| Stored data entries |
____
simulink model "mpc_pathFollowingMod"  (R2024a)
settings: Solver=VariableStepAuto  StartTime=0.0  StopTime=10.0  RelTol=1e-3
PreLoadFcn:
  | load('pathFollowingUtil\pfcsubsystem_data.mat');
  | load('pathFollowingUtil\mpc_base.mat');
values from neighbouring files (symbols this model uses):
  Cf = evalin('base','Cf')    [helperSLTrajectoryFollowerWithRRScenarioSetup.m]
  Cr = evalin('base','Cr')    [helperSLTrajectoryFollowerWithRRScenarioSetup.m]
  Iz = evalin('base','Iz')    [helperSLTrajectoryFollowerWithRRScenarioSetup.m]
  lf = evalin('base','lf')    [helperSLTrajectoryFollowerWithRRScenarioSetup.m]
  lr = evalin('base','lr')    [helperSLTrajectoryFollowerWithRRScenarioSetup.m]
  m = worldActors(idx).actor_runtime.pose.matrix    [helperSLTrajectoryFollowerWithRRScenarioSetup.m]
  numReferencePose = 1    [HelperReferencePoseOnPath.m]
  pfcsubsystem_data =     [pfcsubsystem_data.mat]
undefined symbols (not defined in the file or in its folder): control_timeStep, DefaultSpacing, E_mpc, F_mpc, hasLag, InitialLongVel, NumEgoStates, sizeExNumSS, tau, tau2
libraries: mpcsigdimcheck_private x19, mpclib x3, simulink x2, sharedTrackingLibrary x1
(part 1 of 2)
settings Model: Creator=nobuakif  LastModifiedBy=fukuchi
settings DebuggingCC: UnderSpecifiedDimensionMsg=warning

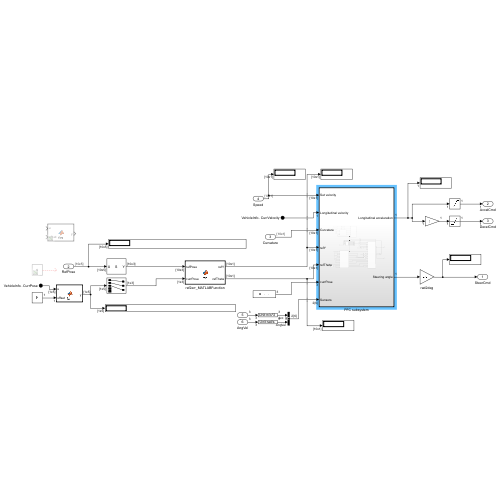
[thumbnail: Simulink's stored preview of the top-level diagram]
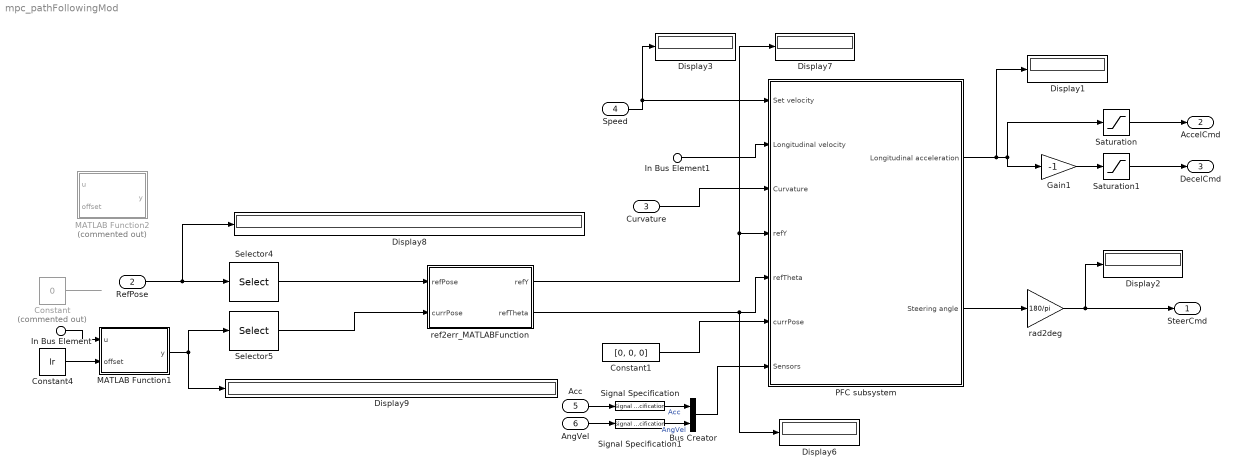
== system mpc_pathFollowingMod ==
  In Bus Element : Inport  PortName=VehicleInfo  Element=CurrPose
  In Bus Element1 : Inport  PortName=VehicleInfo  Element=CurrVelocity
  RefPose : Inport  Port=2  PortDimensions=[numReferencePose, 5]
  Curvature : Inport  Port=3  PortDimensions=[numReferencePose, 1]
  Speed : Inport  Port=4  PortDimensions=[numReferencePose, 1]
  Acc : Inport  Port=5  PortDimensions=3
  AngVel : Inport  Port=6  PortDimensions=3
  Bus Creator : BusCreator  Inputs=2
  Constant : Constant  Commented=on  Value=0
  Constant1 : Constant  Value=[0, 0, 0]
  Constant4 : Constant  Value=lr
  Display{1..3,6..9} (7 alike) : Display
  Gain1 : Gain  Gain=-1
  MATLAB Function1 : MATLAB Function  TreatAsAtomicUnit=on
  MATLAB Function2 : MATLAB Function  Commented=on  TreatAsAtomicUnit=on
  PFC subsystem : Subsystem  TreatAsAtomicUnit=on  VariantControl=Variant2
      settings: LibrarySourceBlock=mpclib/Automated Driving/Path Following Control System  RTWFileNameOpts=Use function name
  Saturation : Saturate  UpperLimit=inf  LowerLimit=0
  Saturation1 : Saturate  UpperLimit=inf  LowerLimit=0
  Selector4 : Selector  NumberOfDimensions=2  InputPortWidth=5  IndexOptions=Select all,Index vector (dialog)  Indices=[1:3],[1:3]  OutputSizes=1,1
  Selector5 : Selector  InputPortWidth=5  IndexOptions=Index vector (dialog)  Indices=[1:3]  OutputSizes=1
  Signal Specification : SignalSpecification  Unit=m/s^2
  Signal Specification1 : SignalSpecification  Unit=rad/s
  rad2deg : Gain  Gain=180/pi
  ref2err_MATLABFunction : MATLAB Function  TreatAsAtomicUnit=on
  SteerCmd : Outport
  AccelCmd : Outport  Port=2
  DecelCmd : Outport  Port=3
  wires:
  rad2deg/1 -> SteerCmd/1, Display2/1
  Saturation/1 -> AccelCmd/1
  Selector4/1 -> ref2err_MATLABFunction/1(refPose)
  Saturation1/1 -> DecelCmd/1
  MATLAB Function1/1(y) -> Selector5/1, Display9/1
  Selector5/1 -> ref2err_MATLABFunction/2(currPose)
  Constant/1 -> ?
  PFC subsystem/1(Longitudinal acceleration) -> Display1/1, Saturation/1, Gain1/1
  Constant4/1 -> MATLAB Function1/2(offset)
  In Bus Element/1 -> MATLAB Function1/1(u)
  RefPose/1 -> Display8/1, Selector4/1
  PFC subsystem/2(Steering angle) -> rad2deg/1
  In Bus Element1/1 -> PFC subsystem/2(Longitudinal velocity)
  Curvature/1 -> PFC subsystem/3(Curvature)
  ref2err_MATLABFunction/1(refY) -> PFC subsystem/4(refY), Display7/1
  ref2err_MATLABFunction/2(refTheta) -> Display6/1, PFC subsystem/5(refTheta)
  Speed/1 -> Display3/1, PFC subsystem/1(Set velocity)
  Gain1/1 -> Saturation1/1
  Constant1/1 -> PFC subsystem/6(currPose)
  Acc/1 -> Signal Specification/1
  Bus Creator/1 -> PFC subsystem/7(Sensors)
  AngVel/1 -> Signal Specification1/1
  Signal Specification/1 -> Bus Creator/1  "Acc"
  Signal Specification1/1 -> Bus Creator/2  "AngVel"

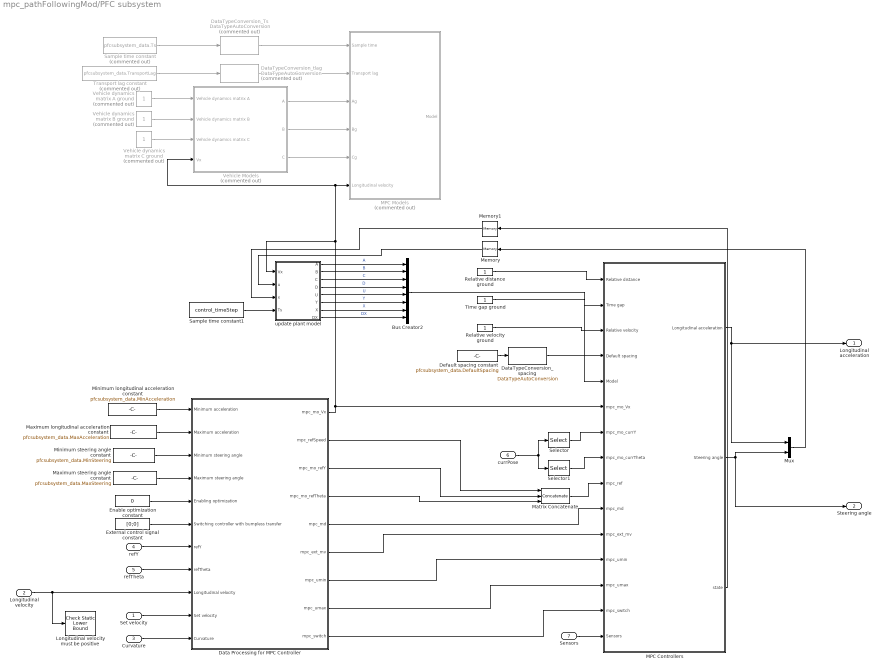
== system mpc_pathFollowingMod/PFC subsystem ==
  Set velocity : Inport
  Longitudinal velocity : Inport  Port=2
  Curvature : Inport  Port=3
  refY : Inport  Port=4
  refTheta : Inport  Port=5
  currPose : Inport  Port=6
  Sensors : Inport  Port=7
  Bus Creator2 : BusCreator  Inputs=8
  Data Processing for MPC Controller : Subsystem
  DataTypeConversion_Ts : mpcsigdimcheck_private/DataTypeAutoConversion  Commented=on  datatypestr=pfcsubsystem_data.DataType
  DataTypeConversion_spacing : mpcsigdimcheck_private/DataTypeAutoConversion  datatypestr=pfcsubsystem_data.DataType
  DataTypeConversion_tlag : mpcsigdimcheck_private/DataTypeAutoConversion  Commented=on  datatypestr=pfcsubsystem_data.DataType
  Default spacing constant : Constant  Value=pfcsubsystem_data.DefaultSpacing  OutDataTypeStr=pfcsubsystem_data.DataType
  Enable optimization constant : Constant  Value=0  OutDataTypeStr=pfcsubsystem_data.DataType
  External control signal constant : Constant  Value=[0;0]  VectorParams1D=off  OutDataTypeStr=pfcsubsystem_data.DataType
  Longitudinal velocity must be positive : simulink/Model Verification/Check Static  Lower Bound  Description=0 < u  min=0  min_included=off  enabled=on  stopWhenAssertionFail=on  export=off  icon=graphic
  MPC Controllers : Subsystem  Variant=on  VariantControlMode=label  VariantControl=Variant1  LabelModeActiveChoice=pathFollowingNoSpacingCtrl
  MPC Models : Subsystem  Commented=on  Variant=on  VariantControlMode=label  VariantControl=Variant1  LabelModeActiveChoice=pathFollowingNoSpacingCtrl
  Matrix Concatenate : Concatenate  NumInputs=3  Mode=Multidimensional array  ConcatenateDimension=2
  Maximum longitudinal acceleration constant : Constant  Value=pfcsubsystem_data.MaxAcceleration  OutDataTypeStr=pfcsubsystem_data.DataType
  Maximum steering angle constant : Constant  Value=pfcsubsystem_data.MaxSteering  OutDataTypeStr=pfcsubsystem_data.DataType
  Memory : Memory
  Memory1 : Memory
  Minimum longitudinal acceleration constant : Constant  Value=pfcsubsystem_data.MinAcceleration  OutDataTypeStr=pfcsubsystem_data.DataType
  Minimum steering angle constant : Constant  Value=pfcsubsystem_data.MinSteering  OutDataTypeStr=pfcsubsystem_data.DataType
  Mux : Mux  Inputs=2
  Relative distance ground : Constant  OutDataTypeStr=pfcsubsystem_data.DataType
  Relative velocity ground : Constant  OutDataTypeStr=pfcsubsystem_data.DataType
  Sample time constant : Constant  Commented=on  Value=pfcsubsystem_data.Ts  OutDataTypeStr=pfcsubsystem_data.DataType
  Sample time constant1 : Constant  Value=control_timeStep  OutDataTypeStr=pfcsubsystem_data.DataType
  Selector : Selector  InputPortWidth=3  IndexOptions=Index vector (dialog)  Indices=2  OutputSizes=1
  Selector1 : Selector  InputPortWidth=3  IndexOptions=Index vector (dialog)  Indices=3  OutputSizes=1
  Time gap ground : Constant  OutDataTypeStr=pfcsubsystem_data.DataType
  Transport lag constant : Constant  Commented=on  Value=pfcsubsystem_data.TransportLag  OutDataTypeStr=pfcsubsystem_data.DataType
  Vehicle Models : Subsystem  Commented=on  Variant=on  VariantControlMode=label  VariantControl=Variant1  LabelModeActiveChoice=useVehicleParameters
  Vehicle dynamics matrix A ground : Constant  Commented=on  OutDataTypeStr=pfcsubsystem_data.DataType
  Vehicle dynamics matrix B ground : Constant  Commented=on  OutDataTypeStr=pfcsubsystem_data.DataType
  Vehicle dynamics matrix C ground : Constant  Commented=on  OutDataTypeStr=pfcsubsystem_data.DataType
  update plant model : MATLAB Function  TreatAsAtomicUnit=on
  Longitudinal acceleration : Outport  PortDimensions=1  VectorParamsAs1DForOutWhenUnconnected=off
  Steering angle : Outport  Port=2  VectorParamsAs1DForOutWhenUnconnected=off
  wires:
  Relative velocity ground/1 -> MPC Controllers/3("Relative velocity ")
  Relative distance ground/1 -> MPC Controllers/1("Relative distance ")
  Time gap ground/1 -> MPC Controllers/2("Time gap ")
  MPC Controllers/1(" Longitudinal acceleration") -> Longitudinal acceleration/1, Mux/1
  Default spacing constant/1 -> DataTypeConversion_spacing/1
  Data Processing for MPC Controller/9(mpc_switch) -> MPC Controllers/14("mpc_switch ")
  Bus Creator2/1 -> MPC Controllers/5("Model ")
  Data Processing for MPC Controller/8(mpc_umax) -> MPC Controllers/13("mpc_umax ")
  Data Processing for MPC Controller/1(mpc_mo_Vx) -> update plant model/1(Vx), MPC Models/6("Longitudinal velocity "), Vehicle Models/4("Vx "), MPC Controllers/6("mpc_mo_Vx ")
  Data Processing for MPC Controller/5(mpc_md) -> MPC Controllers/10("mpc_md ")
  Data Processing for MPC Controller/4(mpc_mo_refTheta) -> Matrix Concatenate/3
  Data Processing for MPC Controller/2(mpc_refSpeed) -> Matrix Concatenate/1
  Longitudinal velocity/1 -> Data Processing for MPC Controller/9(Longitudinal velocity), Longitudinal velocity must be positive/1
  Data Processing for MPC Controller/3(mpc_mo_refY) -> Matrix Concatenate/2
  Data Processing for MPC Controller/6(mpc_ext_mv) -> MPC Controllers/11("mpc_ext_mv ")
  Data Processing for MPC Controller/7(mpc_umin) -> MPC Controllers/12("mpc_umin ")
  Curvature/1 -> Data Processing for MPC Controller/11(Curvature)
  Set velocity/1 -> Data Processing for MPC Controller/10(Set velocity)
  refY/1 -> Data Processing for MPC Controller/7(refY)
  refTheta/1 -> Data Processing for MPC Controller/8(refTheta)
  Maximum longitudinal acceleration constant/1 -> Data Processing for MPC Controller/2(Maximum acceleration)
  Maximum steering angle constant/1 -> Data Processing for MPC Controller/4(Maximum steering angle)
  Enable optimization constant/1 -> Data Processing for MPC Controller/5(Enabling optimization)
  External control signal constant/1 -> Data Processing for MPC Controller/6(Switching controller with bumpless transfer)
  Minimum longitudinal acceleration constant/1 -> Data Processing for MPC Controller/1(Minimum acceleration)
  Minimum steering angle constant/1 -> Data Processing for MPC Controller/3(Minimum steering angle)
  Vehicle Models/1(" A") -> MPC Models/3(Ag)
  Vehicle Models/2(" B") -> MPC Models/4(Bg)
  Vehicle Models/3(" C") -> MPC Models/5(Cg)
  Transport lag constant/1 -> DataTypeConversion_tlag/1
  Sample time constant/1 -> DataTypeConversion_Ts/1
  Vehicle dynamics matrix A ground/1 -> Vehicle Models/1(Vehicle dynamics matrix A)
  Vehicle dynamics matrix C ground/1 -> Vehicle Models/3(Vehicle dynamics matrix C)
  Vehicle dynamics matrix B ground/1 -> Vehicle Models/2(Vehicle dynamics matrix B)
  DataTypeConversion_Ts/1 -> MPC Models/1(Sample time)
  DataTypeConversion_tlag/1 -> MPC Models/2(Transport lag)
  DataTypeConversion_spacing/1 -> MPC Controllers/4("Default spacing ")
  Sample time constant1/1 -> update plant model/4(Ts)
  update plant model/1(A) -> Bus Creator2/1  "A"
  update plant model/2(B) -> Bus Creator2/2  "B"
  update plant model/3(C) -> Bus Creator2/3  "C"
  update plant model/4(D) -> Bus Creator2/4  "D"
  update plant model/5(U) -> Bus Creator2/5  "U"
  update plant model/6(Y) -> Bus Creator2/6  "Y"
  update plant model/7(X) -> Bus Creator2/7  "X"
  update plant model/8(DX) -> Bus Creator2/8  "DX"
  Mux/1 -> Memory/1
  MPC Controllers/3(state) -> Memory1/1
  Memory/1 -> update plant model/2(u)
  Matrix Concatenate/1 -> MPC Controllers/9("mpc_ref ")
  Selector/1 -> MPC Controllers/7(mpc_mo_currY)
  Selector1/1 -> MPC Controllers/8(mpc_mo_currTheta)
  currPose/1 -> Selector1/1, Selector/1
  Memory1/1 -> update plant model/3(x)
  MPC Controllers/2("  Steering angle") -> Mux/2, Steering angle/1
  Sensors/1 -> MPC Controllers/15(Sensors)

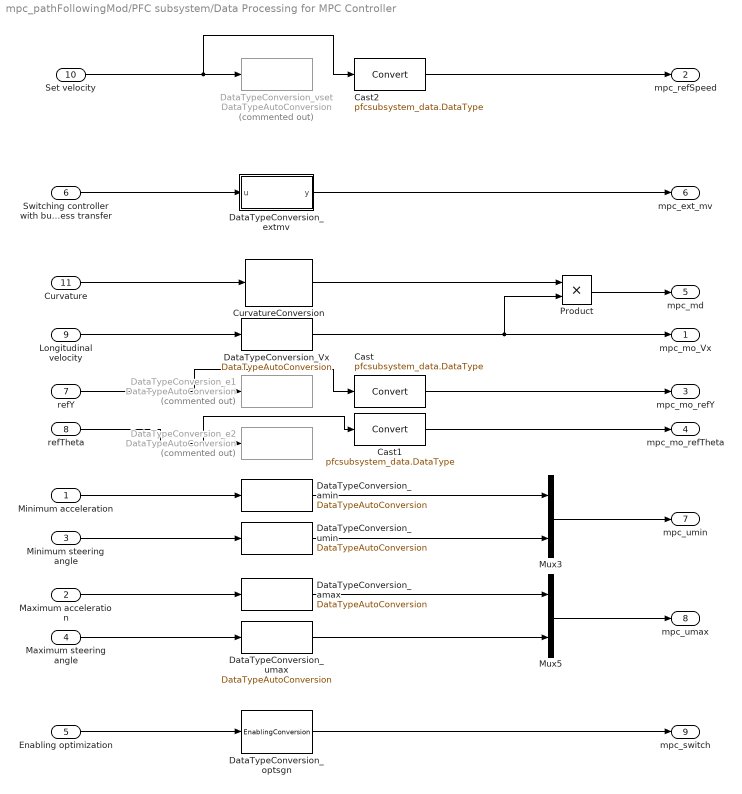
== system mpc_pathFollowingMod/PFC subsystem/Data Processing for MPC Controller ==
  Minimum acceleration : Inport
  Maximum acceleration : Inport  Port=2
  Minimum steering angle : Inport  Port=3
  Maximum steering angle : Inport  Port=4
  Enabling optimization : Inport  Port=5
  Switching controller with bumpless transfer : Inport  Port=6
  refY : Inport  Port=7
  refTheta : Inport  Port=8
  Longitudinal velocity : Inport  Port=9
  Set velocity : Inport  Port=10
  Curvature : Inport  Port=11
  Cast : DataTypeConversion  OutDataTypeStr=pfcsubsystem_data.DataType  SaturateOnIntegerOverflow=off  RndMeth=Floor
  Cast1 : DataTypeConversion  OutDataTypeStr=pfcsubsystem_data.DataType  SaturateOnIntegerOverflow=off  RndMeth=Floor
  Cast2 : DataTypeConversion  OutDataTypeStr=pfcsubsystem_data.DataType  SaturateOnIntegerOverflow=off  RndMeth=Floor
  CurvatureConversion : mpcsigdimcheck_private/CurvatureConversion  datatypestr=pfcsubsystem_data.DataType  p=pfcsubsystem_data.Controller.PredictionHorizon
  DataTypeConversion_Vx : mpcsigdimcheck_private/DataTypeAutoConversion  datatypestr=pfcsubsystem_data.DataType
  DataTypeConversion_amax : mpcsigdimcheck_private/DataTypeAutoConversion  datatypestr=pfcsubsystem_data.DataType
  DataTypeConversion_amin : mpcsigdimcheck_private/DataTypeAutoConversion  datatypestr=pfcsubsystem_data.DataType
  DataTypeConversion_e1 : mpcsigdimcheck_private/DataTypeAutoConversion  Commented=on  datatypestr=pfcsubsystem_data.DataType
  DataTypeConversion_e2 : mpcsigdimcheck_private/DataTypeAutoConversion  Commented=on  datatypestr=pfcsubsystem_data.DataType
  DataTypeConversion_extmv : MATLAB Function  TreatAsAtomicUnit=on  mask(MPCDataTypeAutoConversion){datatypestr=pfcsubsystem_data.DataType}
      mask prompts: datatypestr "Data type"
      mask init:
      | isDouble = strcmp(datatypestr,'double');
  DataTypeConversion_optsgn : mpcsigdimcheck_private/EnablingConversion  SystemSampleTime=-1  VariantActivationTime=update diagram  AllowFlexibleInterface=on  Latency=0  AutoFrameSizeCalculation=off
  DataTypeConversion_umax : mpcsigdimcheck_private/DataTypeAutoConversion  datatypestr=pfcsubsystem_data.DataType
  DataTypeConversion_umin : mpcsigdimcheck_private/DataTypeAutoConversion  datatypestr=pfcsubsystem_data.DataType
  DataTypeConversion_vset : mpcsigdimcheck_private/DataTypeAutoConversion  Commented=on  datatypestr=pfcsubsystem_data.DataType
  Mux3 : Mux  Inputs=2
  Mux5 : Mux  Inputs=2
  Product : Product
  mpc_mo_Vx : Outport  VectorParamsAs1DForOutWhenUnconnected=off
  mpc_refSpeed : Outport  Port=2  VectorParamsAs1DForOutWhenUnconnected=off
  mpc_mo_refY : Outport  Port=3  VectorParamsAs1DForOutWhenUnconnected=off
  mpc_mo_refTheta : Outport  Port=4  VectorParamsAs1DForOutWhenUnconnected=off
  mpc_md : Outport  Port=5  VectorParamsAs1DForOutWhenUnconnected=off
  mpc_ext_mv : Outport  Port=6  VectorParamsAs1DForOutWhenUnconnected=off
  mpc_umin : Outport  Port=7  VectorParamsAs1DForOutWhenUnconnected=off
  mpc_umax : Outport  Port=8  VectorParamsAs1DForOutWhenUnconnected=off
  mpc_switch : Outport  Port=9  VectorParamsAs1DForOutWhenUnconnected=off
  wires:
  Longitudinal velocity/1 -> DataTypeConversion_Vx/1
  Curvature/1 -> CurvatureConversion/1
  Mux5/1 -> mpc_umax/1
  Maximum steering angle/1 -> DataTypeConversion_umax/1
  Minimum steering angle/1 -> DataTypeConversion_umin/1
  DataTypeConversion_amin/1 -> Mux3/1
  CurvatureConversion/1 -> Product/1
  Product/1 -> mpc_md/1
  refTheta/1 -> Cast1/1, DataTypeConversion_e2/1
  Maximum acceleration/1 -> DataTypeConversion_amax/1
  refY/1 -> Cast/1, DataTypeConversion_e1/1
  DataTypeConversion_umin/1 -> Mux3/2
  DataTypeConversion_amax/1 -> Mux5/1
  DataTypeConversion_Vx/1 -> mpc_mo_Vx/1, Product/2
  DataTypeConversion_umax/1 -> Mux5/2
  Minimum acceleration/1 -> DataTypeConversion_amin/1
  Switching controller with bumpless transfer/1 -> DataTypeConversion_extmv/1(u)
  DataTypeConversion_extmv/1(y) -> mpc_ext_mv/1
  Mux3/1 -> mpc_umin/1
  Set velocity/1 -> Cast2/1, DataTypeConversion_vset/1
  Cast/1 -> mpc_mo_refY/1
  Enabling optimization/1 -> DataTypeConversion_optsgn/1
  DataTypeConversion_optsgn/1 -> mpc_switch/1
  Cast1/1 -> mpc_mo_refTheta/1
  Cast2/1 -> mpc_refSpeed/1

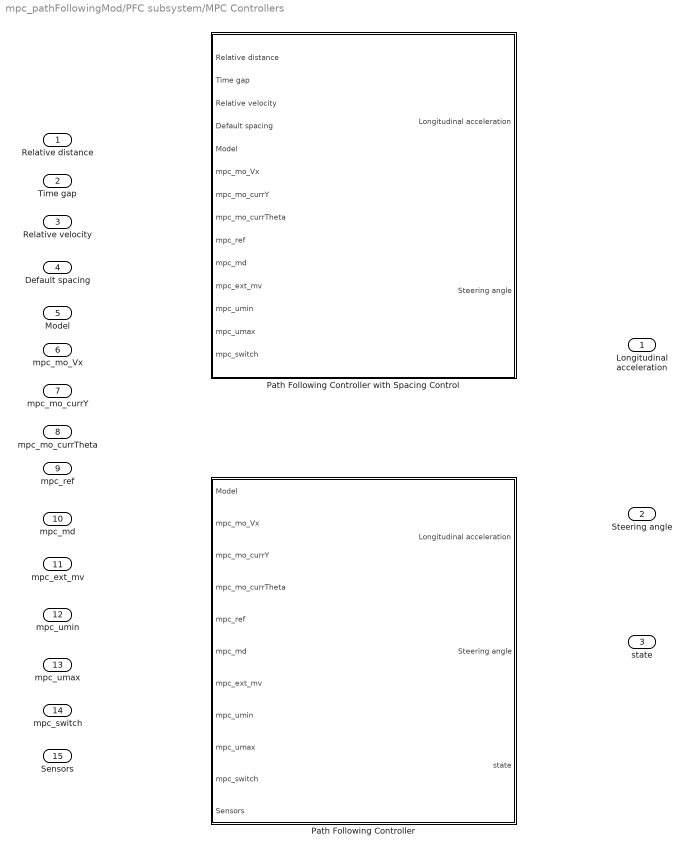
== system mpc_pathFollowingMod/PFC subsystem/MPC Controllers ==
  "Relative distance " : Inport
  "Time gap " : Inport  Port=2
  "Relative velocity " : Inport  Port=3
  "Default spacing " : Inport  Port=4
  "Model " : Inport  Port=5
  "mpc_mo_Vx " : Inport  Port=6
  mpc_mo_currY : Inport  Port=7
  mpc_mo_currTheta : Inport  Port=8
  "mpc_ref " : Inport  Port=9
  "mpc_md " : Inport  Port=10
  "mpc_ext_mv " : Inport  Port=11
  "mpc_umin " : Inport  Port=12
  "mpc_umax " : Inport  Port=13
  "mpc_switch " : Inport  Port=14
  Sensors : Inport  Port=15
  Path Following Controller : Subsystem  VariantControl=pathFollowingNoSpacingCtrl
  Path Following Controller with Spacing Control : Subsystem  VariantControl=pathFollowingHasSpacingCtrl
  " Longitudinal acceleration" : Outport  VectorParamsAs1DForOutWhenUnconnected=off
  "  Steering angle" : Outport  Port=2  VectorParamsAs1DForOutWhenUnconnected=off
____
| PROBLEM STATEMENT |
Quote the data above verbatim from its first line to the line that includes "values from neighbouring", with both boundary lines retained.

| EXPECTED ANSWER |
simulink model "mpc_pathFollowingMod"  (R2024a)
settings: Solver=VariableStepAuto  StartTime=0.0  StopTime=10.0  RelTol=1e-3
PreLoadFcn:
  | load('pathFollowingUtil\pfcsubsystem_data.mat');
  | load('pathFollowingUtil\mpc_base.mat');
values from neighbouring files (symbols this model uses):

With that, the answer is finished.